--- Aim of the exercise ---
Please retype, character for character, the portion of the entries below that runs from the line containing "#329=ORIENTED_EDGE('',*,*,#328,.F.);" to the last line.
*** Opening Listed entries ***
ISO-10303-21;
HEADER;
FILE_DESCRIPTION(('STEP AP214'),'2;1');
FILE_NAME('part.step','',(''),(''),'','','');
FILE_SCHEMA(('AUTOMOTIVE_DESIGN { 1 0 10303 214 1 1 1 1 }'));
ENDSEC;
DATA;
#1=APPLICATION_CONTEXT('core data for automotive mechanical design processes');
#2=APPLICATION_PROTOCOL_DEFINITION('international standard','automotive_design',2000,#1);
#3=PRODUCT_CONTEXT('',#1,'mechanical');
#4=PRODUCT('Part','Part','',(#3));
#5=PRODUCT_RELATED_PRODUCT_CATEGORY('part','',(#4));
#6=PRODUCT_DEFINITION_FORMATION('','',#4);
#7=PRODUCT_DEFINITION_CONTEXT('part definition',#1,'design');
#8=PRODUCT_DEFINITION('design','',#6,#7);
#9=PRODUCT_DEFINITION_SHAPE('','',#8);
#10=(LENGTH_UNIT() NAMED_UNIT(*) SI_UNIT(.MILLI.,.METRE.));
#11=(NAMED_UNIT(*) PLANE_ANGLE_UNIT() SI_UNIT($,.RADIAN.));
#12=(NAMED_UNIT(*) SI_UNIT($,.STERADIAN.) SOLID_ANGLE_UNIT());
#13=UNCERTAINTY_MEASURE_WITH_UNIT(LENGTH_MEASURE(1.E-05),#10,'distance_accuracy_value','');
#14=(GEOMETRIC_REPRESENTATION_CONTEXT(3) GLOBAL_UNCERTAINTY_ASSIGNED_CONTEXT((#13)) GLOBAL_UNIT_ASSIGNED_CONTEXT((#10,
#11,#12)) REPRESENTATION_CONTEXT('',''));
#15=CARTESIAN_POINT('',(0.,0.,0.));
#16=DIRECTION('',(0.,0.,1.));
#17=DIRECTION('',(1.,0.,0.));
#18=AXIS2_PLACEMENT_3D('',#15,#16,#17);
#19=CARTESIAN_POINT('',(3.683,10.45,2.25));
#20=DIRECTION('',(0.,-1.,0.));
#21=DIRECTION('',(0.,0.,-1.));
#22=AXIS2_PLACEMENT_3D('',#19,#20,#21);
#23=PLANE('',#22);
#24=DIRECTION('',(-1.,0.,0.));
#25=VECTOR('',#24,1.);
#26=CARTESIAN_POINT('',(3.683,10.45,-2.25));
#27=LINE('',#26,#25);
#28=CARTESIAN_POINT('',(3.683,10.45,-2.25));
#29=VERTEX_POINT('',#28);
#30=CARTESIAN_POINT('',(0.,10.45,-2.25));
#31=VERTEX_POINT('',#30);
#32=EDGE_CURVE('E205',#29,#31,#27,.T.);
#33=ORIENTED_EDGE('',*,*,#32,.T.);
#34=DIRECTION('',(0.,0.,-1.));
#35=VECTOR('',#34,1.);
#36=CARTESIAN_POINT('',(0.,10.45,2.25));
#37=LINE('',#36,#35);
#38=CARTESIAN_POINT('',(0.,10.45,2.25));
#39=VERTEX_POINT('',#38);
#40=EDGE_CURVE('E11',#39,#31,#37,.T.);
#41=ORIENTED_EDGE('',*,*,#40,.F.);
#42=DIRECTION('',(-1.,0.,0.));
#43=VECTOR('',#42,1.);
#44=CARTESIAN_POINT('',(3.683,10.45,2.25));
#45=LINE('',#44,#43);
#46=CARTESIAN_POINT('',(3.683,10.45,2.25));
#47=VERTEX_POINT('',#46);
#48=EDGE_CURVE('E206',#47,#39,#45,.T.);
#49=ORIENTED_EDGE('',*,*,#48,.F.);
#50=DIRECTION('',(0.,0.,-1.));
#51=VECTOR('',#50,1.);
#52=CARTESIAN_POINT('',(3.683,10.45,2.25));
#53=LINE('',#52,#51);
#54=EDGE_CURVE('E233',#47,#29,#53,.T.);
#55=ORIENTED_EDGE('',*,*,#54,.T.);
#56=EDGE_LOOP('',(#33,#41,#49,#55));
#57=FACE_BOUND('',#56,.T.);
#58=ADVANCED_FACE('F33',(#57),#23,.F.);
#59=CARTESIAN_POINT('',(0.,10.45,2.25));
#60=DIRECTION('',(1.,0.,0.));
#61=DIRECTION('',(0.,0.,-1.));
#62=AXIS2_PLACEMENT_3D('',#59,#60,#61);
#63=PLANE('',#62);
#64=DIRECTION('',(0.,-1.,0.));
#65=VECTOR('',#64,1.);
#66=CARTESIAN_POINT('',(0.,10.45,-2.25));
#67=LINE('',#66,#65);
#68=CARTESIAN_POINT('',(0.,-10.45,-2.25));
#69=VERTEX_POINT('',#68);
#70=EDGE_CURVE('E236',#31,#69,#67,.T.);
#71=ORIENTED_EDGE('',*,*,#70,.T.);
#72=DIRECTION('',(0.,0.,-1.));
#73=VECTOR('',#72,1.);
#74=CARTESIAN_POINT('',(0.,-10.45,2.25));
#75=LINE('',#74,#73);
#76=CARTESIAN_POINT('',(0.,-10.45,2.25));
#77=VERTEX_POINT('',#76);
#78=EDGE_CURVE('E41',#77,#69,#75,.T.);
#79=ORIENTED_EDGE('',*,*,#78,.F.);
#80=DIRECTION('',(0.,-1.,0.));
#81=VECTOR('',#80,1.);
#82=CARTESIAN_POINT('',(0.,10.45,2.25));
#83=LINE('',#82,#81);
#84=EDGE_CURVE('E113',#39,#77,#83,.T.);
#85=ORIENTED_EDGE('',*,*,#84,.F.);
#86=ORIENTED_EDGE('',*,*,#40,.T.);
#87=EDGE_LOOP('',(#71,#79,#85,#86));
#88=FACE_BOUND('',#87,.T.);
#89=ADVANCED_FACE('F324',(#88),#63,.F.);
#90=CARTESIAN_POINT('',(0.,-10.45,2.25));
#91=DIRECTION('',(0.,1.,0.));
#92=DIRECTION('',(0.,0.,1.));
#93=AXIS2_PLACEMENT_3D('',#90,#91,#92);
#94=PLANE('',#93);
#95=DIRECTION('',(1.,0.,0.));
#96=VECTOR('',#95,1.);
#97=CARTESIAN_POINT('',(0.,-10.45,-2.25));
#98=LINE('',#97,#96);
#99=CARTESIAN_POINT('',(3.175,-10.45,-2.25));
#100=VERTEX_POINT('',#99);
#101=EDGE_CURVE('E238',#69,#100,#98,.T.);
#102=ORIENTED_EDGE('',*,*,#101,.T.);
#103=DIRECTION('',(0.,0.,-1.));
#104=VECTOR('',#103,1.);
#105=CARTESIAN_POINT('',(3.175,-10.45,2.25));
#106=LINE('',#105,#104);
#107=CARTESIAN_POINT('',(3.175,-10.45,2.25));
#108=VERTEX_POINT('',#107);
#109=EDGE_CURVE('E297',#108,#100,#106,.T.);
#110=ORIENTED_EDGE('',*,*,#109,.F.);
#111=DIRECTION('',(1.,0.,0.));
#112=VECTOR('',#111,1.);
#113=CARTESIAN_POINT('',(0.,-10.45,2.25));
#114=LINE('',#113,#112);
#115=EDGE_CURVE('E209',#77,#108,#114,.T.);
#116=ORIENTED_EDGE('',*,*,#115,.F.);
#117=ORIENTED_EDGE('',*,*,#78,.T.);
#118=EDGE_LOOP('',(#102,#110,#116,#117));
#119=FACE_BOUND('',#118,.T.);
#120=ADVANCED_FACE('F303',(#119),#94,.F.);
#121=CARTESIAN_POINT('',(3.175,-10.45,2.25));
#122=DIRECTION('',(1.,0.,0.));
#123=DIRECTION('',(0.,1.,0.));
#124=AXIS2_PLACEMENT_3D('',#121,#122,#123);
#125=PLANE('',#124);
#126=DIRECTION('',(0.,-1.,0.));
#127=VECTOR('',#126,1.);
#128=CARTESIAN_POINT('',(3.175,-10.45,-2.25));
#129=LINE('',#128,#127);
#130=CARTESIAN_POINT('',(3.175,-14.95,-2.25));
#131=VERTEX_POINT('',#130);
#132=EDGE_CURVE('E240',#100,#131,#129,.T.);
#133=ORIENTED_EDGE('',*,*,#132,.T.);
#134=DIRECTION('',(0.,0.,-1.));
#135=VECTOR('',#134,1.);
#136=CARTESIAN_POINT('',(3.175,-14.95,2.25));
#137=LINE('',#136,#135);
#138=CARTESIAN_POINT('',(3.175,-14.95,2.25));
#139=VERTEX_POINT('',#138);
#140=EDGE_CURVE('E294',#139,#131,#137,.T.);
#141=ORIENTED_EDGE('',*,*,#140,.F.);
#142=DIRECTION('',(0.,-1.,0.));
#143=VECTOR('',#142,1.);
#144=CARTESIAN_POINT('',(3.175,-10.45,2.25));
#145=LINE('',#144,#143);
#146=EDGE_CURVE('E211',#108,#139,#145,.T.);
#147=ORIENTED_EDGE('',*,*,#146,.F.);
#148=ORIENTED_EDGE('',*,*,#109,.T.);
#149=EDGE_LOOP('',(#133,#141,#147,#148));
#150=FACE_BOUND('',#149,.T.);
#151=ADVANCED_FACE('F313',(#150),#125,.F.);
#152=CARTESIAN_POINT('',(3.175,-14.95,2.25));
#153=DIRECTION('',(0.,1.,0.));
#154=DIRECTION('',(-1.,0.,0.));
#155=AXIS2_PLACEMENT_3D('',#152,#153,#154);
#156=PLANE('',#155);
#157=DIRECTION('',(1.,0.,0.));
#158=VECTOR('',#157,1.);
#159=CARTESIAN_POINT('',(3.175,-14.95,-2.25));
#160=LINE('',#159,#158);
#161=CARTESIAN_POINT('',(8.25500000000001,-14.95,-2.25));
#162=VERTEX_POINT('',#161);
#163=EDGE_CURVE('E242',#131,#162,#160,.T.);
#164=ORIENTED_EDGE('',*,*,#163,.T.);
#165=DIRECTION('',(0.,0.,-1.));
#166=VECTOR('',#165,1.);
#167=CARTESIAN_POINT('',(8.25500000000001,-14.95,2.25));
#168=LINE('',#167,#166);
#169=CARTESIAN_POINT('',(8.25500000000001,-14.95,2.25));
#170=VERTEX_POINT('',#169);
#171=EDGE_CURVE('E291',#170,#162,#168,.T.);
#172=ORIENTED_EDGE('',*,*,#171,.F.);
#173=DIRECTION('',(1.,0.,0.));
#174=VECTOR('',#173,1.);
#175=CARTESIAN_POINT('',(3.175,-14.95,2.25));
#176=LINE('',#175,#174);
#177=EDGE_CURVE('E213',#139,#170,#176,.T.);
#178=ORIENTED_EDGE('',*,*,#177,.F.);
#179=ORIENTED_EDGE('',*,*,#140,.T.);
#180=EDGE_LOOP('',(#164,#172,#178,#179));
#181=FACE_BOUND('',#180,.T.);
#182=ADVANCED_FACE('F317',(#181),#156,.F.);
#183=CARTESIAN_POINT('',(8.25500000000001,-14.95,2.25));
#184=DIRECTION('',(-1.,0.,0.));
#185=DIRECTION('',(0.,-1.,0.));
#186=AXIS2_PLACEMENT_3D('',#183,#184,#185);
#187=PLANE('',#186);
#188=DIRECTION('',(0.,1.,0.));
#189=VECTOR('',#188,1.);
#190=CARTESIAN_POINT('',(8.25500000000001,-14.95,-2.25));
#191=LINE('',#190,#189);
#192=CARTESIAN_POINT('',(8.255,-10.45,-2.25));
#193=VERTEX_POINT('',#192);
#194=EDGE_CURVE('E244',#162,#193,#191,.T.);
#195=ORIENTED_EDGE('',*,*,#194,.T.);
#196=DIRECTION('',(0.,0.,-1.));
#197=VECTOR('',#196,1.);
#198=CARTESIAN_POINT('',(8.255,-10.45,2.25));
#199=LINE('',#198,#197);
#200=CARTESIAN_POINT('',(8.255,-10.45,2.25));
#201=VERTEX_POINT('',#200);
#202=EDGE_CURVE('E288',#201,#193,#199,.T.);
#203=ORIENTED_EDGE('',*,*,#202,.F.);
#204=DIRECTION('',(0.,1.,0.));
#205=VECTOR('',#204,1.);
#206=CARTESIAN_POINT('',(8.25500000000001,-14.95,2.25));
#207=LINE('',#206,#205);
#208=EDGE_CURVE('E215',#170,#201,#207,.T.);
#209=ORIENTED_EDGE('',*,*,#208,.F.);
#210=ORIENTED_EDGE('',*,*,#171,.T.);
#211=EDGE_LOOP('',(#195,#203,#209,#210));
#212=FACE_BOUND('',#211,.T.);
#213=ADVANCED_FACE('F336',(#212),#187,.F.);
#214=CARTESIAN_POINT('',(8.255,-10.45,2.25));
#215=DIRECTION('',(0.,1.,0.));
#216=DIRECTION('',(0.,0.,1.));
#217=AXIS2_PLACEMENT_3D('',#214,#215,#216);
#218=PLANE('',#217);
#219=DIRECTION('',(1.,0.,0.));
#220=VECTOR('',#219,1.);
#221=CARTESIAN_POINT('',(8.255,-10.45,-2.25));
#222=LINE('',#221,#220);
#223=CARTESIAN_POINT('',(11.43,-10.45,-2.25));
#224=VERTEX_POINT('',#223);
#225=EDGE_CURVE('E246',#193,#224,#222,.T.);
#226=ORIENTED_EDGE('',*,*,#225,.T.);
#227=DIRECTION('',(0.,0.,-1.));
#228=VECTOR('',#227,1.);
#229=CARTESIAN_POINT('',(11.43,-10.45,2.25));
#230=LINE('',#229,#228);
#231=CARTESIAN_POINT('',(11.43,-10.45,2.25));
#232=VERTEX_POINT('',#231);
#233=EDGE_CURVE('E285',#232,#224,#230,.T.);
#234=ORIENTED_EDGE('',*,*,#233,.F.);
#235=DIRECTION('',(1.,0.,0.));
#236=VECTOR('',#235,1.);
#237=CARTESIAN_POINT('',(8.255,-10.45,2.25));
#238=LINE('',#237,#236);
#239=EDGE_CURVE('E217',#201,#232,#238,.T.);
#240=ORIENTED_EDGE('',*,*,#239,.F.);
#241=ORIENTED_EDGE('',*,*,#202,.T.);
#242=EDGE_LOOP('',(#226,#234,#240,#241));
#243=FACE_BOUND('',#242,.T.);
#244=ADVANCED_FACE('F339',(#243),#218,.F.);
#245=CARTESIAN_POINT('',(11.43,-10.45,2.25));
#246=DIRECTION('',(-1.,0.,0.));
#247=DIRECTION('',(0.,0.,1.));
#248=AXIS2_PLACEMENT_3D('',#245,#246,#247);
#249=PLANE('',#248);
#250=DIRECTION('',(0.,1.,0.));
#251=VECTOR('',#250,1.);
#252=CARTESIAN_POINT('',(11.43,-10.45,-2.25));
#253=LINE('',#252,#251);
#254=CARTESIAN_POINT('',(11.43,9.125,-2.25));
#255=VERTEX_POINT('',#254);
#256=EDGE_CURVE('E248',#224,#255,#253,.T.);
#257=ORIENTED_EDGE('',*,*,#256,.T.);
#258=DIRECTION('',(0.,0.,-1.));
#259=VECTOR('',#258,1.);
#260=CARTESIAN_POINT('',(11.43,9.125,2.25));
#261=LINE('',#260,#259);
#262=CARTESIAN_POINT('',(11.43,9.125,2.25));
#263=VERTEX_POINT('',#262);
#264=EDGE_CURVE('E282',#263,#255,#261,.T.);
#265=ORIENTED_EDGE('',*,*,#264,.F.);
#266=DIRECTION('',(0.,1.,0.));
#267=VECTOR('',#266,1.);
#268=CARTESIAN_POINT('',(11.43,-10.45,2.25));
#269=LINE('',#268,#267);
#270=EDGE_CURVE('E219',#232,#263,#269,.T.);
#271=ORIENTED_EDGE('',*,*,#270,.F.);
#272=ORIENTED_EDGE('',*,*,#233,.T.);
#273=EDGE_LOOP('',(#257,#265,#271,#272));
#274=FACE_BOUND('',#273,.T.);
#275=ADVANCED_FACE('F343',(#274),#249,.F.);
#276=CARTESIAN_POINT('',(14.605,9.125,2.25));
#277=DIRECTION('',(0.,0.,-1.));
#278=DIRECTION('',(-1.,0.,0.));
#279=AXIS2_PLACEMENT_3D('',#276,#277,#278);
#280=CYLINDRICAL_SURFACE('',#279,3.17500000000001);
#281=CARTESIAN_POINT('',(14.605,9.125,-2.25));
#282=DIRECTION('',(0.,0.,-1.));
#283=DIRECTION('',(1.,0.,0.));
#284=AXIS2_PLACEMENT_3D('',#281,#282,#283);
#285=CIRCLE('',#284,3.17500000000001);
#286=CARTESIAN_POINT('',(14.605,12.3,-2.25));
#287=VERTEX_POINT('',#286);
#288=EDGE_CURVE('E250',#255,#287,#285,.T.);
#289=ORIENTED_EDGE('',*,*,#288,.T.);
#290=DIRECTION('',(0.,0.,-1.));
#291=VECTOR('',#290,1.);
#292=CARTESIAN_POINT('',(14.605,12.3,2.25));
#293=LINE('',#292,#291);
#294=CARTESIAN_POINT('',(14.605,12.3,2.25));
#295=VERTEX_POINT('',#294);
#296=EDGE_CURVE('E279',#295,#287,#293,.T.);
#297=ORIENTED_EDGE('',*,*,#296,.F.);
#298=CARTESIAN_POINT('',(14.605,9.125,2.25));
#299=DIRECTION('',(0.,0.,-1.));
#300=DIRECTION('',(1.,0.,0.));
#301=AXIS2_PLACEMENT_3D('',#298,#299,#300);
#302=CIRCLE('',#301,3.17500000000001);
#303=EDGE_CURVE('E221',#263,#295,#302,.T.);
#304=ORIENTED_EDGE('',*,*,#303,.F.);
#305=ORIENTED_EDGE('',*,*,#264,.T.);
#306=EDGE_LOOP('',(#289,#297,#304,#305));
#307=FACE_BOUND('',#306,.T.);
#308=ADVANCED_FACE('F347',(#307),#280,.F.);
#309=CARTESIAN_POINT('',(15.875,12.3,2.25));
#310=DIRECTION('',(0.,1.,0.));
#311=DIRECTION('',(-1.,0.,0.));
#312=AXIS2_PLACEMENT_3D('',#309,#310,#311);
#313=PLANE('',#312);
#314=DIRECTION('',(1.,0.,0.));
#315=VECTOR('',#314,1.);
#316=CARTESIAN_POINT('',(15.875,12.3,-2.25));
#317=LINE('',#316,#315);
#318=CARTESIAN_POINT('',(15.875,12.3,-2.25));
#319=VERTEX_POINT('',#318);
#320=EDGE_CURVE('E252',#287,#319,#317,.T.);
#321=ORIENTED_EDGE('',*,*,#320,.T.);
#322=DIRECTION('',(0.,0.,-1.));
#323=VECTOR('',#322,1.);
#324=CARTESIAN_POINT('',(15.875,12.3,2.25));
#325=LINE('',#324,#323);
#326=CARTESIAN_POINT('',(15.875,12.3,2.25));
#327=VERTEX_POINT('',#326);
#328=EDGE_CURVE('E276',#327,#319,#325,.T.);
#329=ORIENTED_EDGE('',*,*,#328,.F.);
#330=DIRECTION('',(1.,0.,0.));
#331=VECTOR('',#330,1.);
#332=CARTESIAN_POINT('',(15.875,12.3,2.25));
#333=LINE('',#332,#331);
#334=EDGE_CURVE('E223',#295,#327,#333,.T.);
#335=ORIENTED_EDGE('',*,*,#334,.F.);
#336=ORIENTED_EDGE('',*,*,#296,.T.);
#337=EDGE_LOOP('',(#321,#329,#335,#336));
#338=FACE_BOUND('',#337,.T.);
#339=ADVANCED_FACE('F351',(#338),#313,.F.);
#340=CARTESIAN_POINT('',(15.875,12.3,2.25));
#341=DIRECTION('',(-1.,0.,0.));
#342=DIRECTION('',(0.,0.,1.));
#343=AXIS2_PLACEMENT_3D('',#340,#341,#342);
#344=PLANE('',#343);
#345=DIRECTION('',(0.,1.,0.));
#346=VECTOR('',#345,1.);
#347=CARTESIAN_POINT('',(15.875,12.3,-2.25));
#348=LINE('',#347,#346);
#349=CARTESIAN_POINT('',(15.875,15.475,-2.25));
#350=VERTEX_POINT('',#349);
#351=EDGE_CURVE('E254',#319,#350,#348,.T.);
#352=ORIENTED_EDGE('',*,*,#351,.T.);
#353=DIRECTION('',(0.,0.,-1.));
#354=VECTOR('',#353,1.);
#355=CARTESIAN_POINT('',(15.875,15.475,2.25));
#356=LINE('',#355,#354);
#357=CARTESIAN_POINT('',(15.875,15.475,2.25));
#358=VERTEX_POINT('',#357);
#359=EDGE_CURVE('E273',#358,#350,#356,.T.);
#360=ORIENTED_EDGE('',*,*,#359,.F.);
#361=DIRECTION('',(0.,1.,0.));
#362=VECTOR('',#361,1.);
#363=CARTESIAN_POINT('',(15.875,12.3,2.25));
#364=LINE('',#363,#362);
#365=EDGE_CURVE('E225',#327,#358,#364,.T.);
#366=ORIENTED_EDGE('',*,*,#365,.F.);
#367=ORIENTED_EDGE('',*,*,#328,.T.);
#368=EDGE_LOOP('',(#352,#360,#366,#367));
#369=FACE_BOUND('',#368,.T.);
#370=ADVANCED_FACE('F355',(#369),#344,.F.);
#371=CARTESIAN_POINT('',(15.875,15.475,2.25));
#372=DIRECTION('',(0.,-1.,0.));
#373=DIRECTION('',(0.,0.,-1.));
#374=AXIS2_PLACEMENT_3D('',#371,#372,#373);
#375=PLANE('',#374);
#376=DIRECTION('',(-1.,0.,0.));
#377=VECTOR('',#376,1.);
*** Closing Listed entries ***
--- Response ---
#329=ORIENTED_EDGE('',*,*,#328,.F.);
#330=DIRECTION('',(1.,0.,0.));
#331=VECTOR('',#330,1.);
#332=CARTESIAN_POINT('',(15.875,12.3,2.25));
#333=LINE('',#332,#331);
#334=EDGE_CURVE('E223',#295,#327,#333,.T.);
#335=ORIENTED_EDGE('',*,*,#334,.F.);
#336=ORIENTED_EDGE('',*,*,#296,.T.);
#337=EDGE_LOOP('',(#321,#329,#335,#336));
#338=FACE_BOUND('',#337,.T.);
#339=ADVANCED_FACE('F351',(#338),#313,.F.);
#340=CARTESIAN_POINT('',(15.875,12.3,2.25));
#341=DIRECTION('',(-1.,0.,0.));
#342=DIRECTION('',(0.,0.,1.));
#343=AXIS2_PLACEMENT_3D('',#340,#341,#342);
#344=PLANE('',#343);
#345=DIRECTION('',(0.,1.,0.));
#346=VECTOR('',#345,1.);
#347=CARTESIAN_POINT('',(15.875,12.3,-2.25));
#348=LINE('',#347,#346);
#349=CARTESIAN_POINT('',(15.875,15.475,-2.25));
#350=VERTEX_POINT('',#349);
#351=EDGE_CURVE('E254',#319,#350,#348,.T.);
#352=ORIENTED_EDGE('',*,*,#351,.T.);
#353=DIRECTION('',(0.,0.,-1.));
#354=VECTOR('',#353,1.);
#355=CARTESIAN_POINT('',(15.875,15.475,2.25));
#356=LINE('',#355,#354);
#357=CARTESIAN_POINT('',(15.875,15.475,2.25));
#358=VERTEX_POINT('',#357);
#359=EDGE_CURVE('E273',#358,#350,#356,.T.);
#360=ORIENTED_EDGE('',*,*,#359,.F.);
#361=DIRECTION('',(0.,1.,0.));
#362=VECTOR('',#361,1.);
#363=CARTESIAN_POINT('',(15.875,12.3,2.25));
#364=LINE('',#363,#362);
#365=EDGE_CURVE('E225',#327,#358,#364,.T.);
#366=ORIENTED_EDGE('',*,*,#365,.F.);
#367=ORIENTED_EDGE('',*,*,#328,.T.);
#368=EDGE_LOOP('',(#352,#360,#366,#367));
#369=FACE_BOUND('',#368,.T.);
#370=ADVANCED_FACE('F355',(#369),#344,.F.);
#371=CARTESIAN_POINT('',(15.875,15.475,2.25));
#372=DIRECTION('',(0.,-1.,0.));
#373=DIRECTION('',(0.,0.,-1.));
#374=AXIS2_PLACEMENT_3D('',#371,#372,#373);
#375=PLANE('',#374);
#376=DIRECTION('',(-1.,0.,0.));
#377=VECTOR('',#376,1.);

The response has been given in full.